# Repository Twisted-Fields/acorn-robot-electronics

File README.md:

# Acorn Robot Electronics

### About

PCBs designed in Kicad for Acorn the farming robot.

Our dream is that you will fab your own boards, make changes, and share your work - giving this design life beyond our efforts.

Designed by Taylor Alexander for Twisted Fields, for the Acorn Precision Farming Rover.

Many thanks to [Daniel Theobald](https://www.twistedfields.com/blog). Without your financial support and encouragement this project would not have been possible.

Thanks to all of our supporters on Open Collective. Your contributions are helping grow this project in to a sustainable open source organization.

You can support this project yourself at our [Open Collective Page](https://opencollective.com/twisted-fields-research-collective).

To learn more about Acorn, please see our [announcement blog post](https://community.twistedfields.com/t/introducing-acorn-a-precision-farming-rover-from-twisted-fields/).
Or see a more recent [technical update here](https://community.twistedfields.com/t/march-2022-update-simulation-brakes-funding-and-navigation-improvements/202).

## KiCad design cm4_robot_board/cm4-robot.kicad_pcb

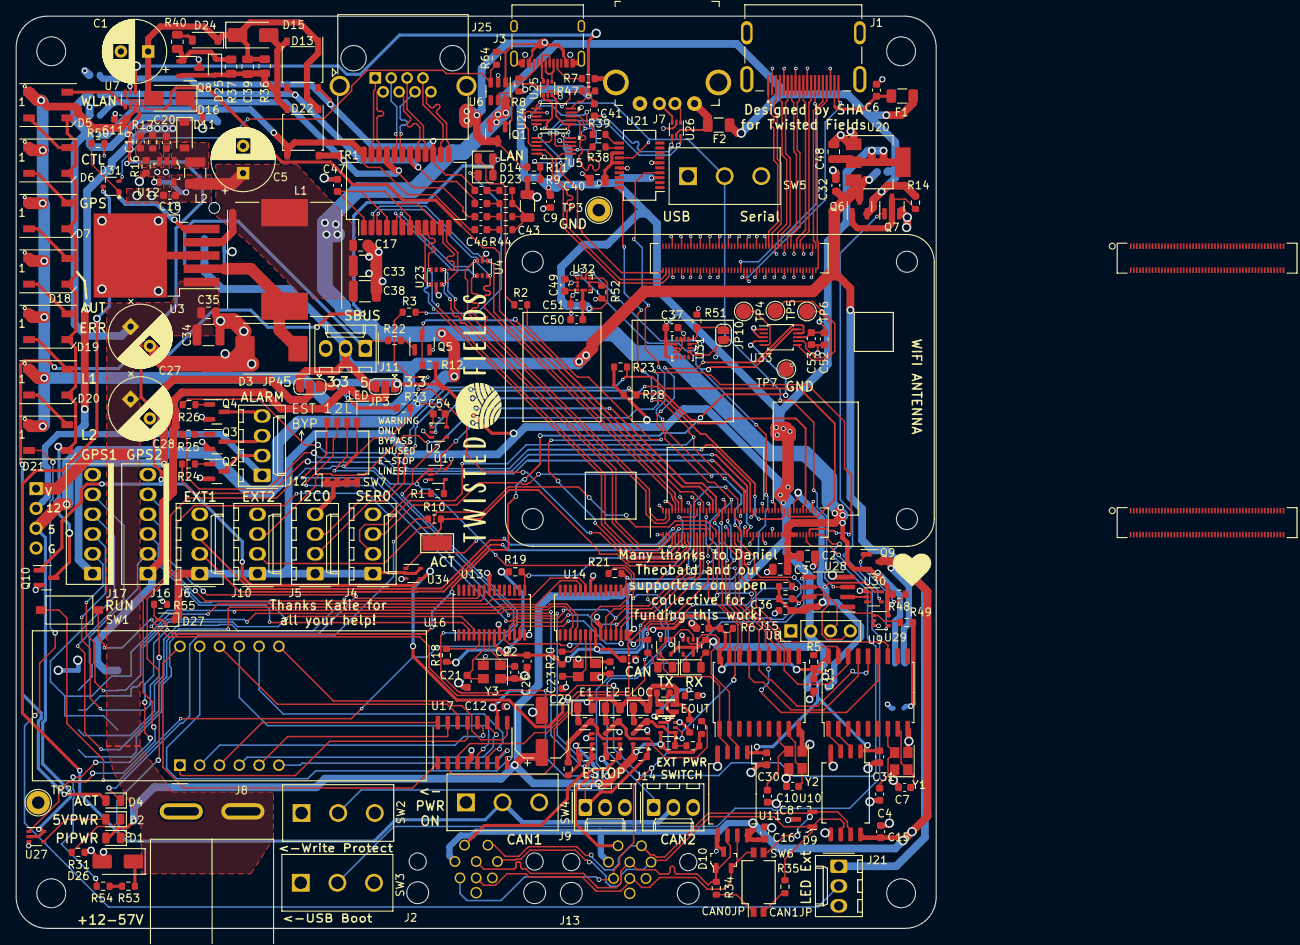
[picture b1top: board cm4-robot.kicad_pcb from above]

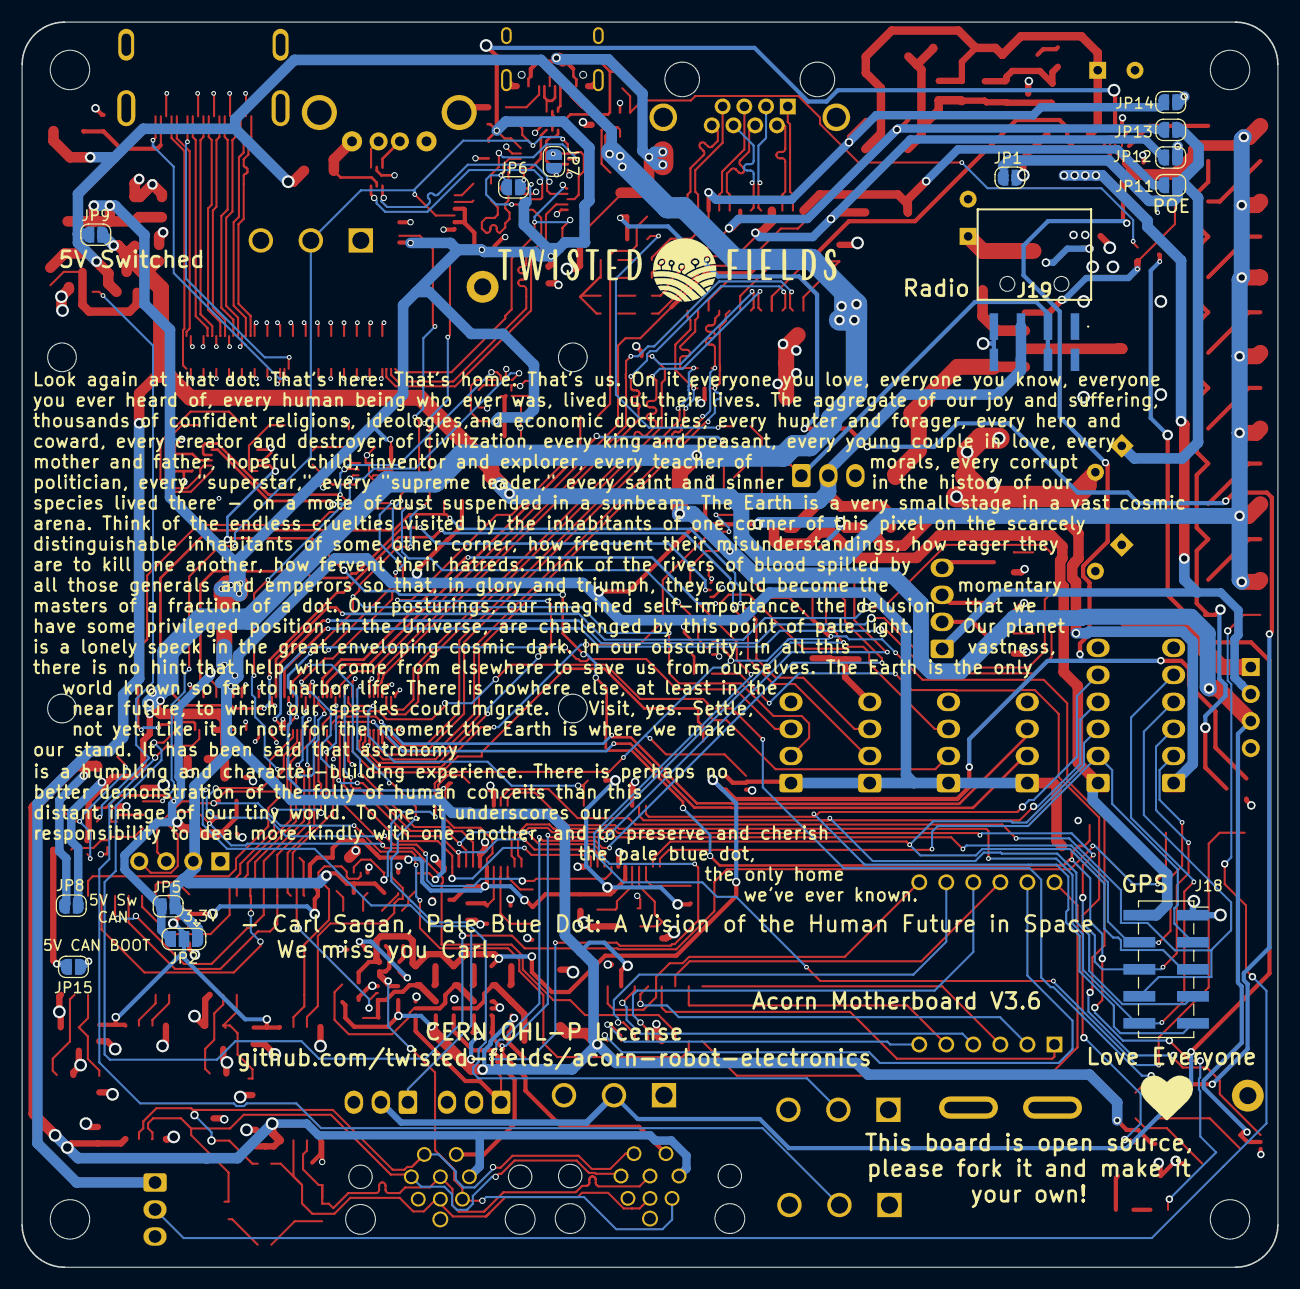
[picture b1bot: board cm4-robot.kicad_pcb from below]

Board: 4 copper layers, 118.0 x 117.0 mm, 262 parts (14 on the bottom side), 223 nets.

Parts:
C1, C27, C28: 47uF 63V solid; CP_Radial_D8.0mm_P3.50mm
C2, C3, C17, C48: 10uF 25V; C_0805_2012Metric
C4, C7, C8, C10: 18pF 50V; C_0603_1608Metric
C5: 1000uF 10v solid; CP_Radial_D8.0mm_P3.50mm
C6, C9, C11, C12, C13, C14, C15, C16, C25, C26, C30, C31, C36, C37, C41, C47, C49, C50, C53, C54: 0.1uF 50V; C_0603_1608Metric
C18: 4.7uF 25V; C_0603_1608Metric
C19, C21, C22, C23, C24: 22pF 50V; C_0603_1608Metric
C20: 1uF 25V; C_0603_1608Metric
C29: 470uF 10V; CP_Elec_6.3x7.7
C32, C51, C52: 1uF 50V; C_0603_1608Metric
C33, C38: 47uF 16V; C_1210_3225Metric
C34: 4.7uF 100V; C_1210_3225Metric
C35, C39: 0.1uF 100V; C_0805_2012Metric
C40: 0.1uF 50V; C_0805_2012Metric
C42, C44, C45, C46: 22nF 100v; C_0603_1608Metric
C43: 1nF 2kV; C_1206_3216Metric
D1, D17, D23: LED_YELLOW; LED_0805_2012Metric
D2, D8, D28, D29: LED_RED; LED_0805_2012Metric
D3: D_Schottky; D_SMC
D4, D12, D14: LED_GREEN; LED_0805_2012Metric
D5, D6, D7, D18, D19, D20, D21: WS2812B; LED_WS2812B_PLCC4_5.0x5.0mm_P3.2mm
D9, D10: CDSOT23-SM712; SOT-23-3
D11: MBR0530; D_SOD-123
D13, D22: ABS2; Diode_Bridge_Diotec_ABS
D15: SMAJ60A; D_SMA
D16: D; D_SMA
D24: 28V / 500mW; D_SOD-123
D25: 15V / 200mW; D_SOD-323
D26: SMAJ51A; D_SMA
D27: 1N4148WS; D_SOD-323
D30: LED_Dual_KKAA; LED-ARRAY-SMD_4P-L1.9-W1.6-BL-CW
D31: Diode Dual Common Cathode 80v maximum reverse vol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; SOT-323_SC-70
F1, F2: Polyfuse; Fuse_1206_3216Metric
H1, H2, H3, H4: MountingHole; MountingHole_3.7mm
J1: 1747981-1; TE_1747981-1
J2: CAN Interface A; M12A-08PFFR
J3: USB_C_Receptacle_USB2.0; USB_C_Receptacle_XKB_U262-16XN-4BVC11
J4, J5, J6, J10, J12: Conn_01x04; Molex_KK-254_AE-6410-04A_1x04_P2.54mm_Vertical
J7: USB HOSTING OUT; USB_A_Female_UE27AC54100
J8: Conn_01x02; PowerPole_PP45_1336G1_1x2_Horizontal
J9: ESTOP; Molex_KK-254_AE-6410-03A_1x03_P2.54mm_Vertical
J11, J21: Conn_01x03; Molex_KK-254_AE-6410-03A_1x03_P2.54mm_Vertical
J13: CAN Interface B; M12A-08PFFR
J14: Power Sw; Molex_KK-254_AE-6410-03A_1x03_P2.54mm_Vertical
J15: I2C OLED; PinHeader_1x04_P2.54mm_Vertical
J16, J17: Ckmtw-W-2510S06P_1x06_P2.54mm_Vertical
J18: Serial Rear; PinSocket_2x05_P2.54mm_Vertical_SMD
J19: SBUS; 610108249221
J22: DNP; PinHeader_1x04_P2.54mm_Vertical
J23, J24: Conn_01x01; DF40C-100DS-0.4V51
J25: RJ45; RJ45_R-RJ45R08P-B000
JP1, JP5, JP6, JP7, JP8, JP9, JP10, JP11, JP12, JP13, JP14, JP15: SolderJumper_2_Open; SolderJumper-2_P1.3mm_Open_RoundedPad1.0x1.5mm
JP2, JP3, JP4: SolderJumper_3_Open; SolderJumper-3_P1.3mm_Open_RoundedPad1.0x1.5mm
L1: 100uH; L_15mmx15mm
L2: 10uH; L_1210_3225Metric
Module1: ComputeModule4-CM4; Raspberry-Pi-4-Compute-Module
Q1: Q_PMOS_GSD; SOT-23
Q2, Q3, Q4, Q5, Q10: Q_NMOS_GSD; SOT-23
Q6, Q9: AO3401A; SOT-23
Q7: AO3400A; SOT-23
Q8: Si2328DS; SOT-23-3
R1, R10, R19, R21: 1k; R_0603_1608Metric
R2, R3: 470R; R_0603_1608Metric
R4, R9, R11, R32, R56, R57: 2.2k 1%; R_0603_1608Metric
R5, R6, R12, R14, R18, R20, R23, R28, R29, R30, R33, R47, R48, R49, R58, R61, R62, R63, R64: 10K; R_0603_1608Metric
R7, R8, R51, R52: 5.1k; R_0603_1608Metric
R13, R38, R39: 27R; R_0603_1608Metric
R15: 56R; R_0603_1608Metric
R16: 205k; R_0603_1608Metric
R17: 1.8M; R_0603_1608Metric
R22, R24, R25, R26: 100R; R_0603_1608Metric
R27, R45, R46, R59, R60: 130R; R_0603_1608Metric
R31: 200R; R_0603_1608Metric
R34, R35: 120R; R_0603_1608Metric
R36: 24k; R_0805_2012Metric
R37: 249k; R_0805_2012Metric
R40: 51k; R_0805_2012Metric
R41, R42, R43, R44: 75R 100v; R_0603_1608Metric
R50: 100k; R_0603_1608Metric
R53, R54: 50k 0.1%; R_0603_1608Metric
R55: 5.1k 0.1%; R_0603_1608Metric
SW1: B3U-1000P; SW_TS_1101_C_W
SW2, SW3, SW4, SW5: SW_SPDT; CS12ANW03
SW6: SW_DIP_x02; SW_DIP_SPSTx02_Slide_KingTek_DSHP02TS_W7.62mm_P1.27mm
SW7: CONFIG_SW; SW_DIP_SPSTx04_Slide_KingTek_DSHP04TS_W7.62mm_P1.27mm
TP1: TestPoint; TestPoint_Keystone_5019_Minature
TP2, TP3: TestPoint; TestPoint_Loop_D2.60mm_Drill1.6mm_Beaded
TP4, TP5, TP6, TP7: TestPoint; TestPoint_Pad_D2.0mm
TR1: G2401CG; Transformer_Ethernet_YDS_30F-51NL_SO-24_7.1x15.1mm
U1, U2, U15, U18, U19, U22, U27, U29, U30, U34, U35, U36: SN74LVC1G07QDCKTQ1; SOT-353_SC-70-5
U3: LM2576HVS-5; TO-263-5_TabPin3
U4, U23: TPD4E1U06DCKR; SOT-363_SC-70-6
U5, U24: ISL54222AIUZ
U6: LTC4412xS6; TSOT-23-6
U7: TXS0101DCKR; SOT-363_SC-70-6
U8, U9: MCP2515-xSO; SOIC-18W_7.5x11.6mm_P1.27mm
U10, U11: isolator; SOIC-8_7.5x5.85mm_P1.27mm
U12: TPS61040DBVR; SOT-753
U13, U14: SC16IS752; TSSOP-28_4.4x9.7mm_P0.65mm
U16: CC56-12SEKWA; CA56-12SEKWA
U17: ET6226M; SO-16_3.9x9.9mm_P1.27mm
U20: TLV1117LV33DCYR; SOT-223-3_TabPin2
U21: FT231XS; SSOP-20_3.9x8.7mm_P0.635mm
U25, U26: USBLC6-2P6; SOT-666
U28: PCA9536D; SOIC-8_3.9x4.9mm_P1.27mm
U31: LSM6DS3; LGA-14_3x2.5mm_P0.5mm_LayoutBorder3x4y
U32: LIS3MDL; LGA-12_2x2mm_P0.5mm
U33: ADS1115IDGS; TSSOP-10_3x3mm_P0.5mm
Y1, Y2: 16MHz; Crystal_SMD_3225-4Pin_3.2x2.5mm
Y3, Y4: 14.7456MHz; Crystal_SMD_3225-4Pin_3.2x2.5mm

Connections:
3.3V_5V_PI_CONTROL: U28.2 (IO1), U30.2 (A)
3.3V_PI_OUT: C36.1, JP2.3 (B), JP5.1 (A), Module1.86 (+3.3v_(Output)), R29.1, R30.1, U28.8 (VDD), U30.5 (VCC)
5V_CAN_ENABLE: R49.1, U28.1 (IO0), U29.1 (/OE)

__________________________________________________

» **DESCRIPTION OF THE TASK**
Scan the data above; copy every line where "this" appears.

» **RESPONSE TO THE EXERCISE**
Our dream is that you will fab your own boards, make changes, and share your work - giving this design life beyond our efforts.
Many thanks to [Daniel Theobald](https://www.twistedfields.com/blog). Without your financial support and encouragement this project would not have been possible.
Thanks to all of our supporters on Open Collective. Your contributions are helping grow this project in to a sustainable open source organization.
You can support this project yourself at our [Open Collective Page](https://opencollective.com/twisted-fields-research-collective).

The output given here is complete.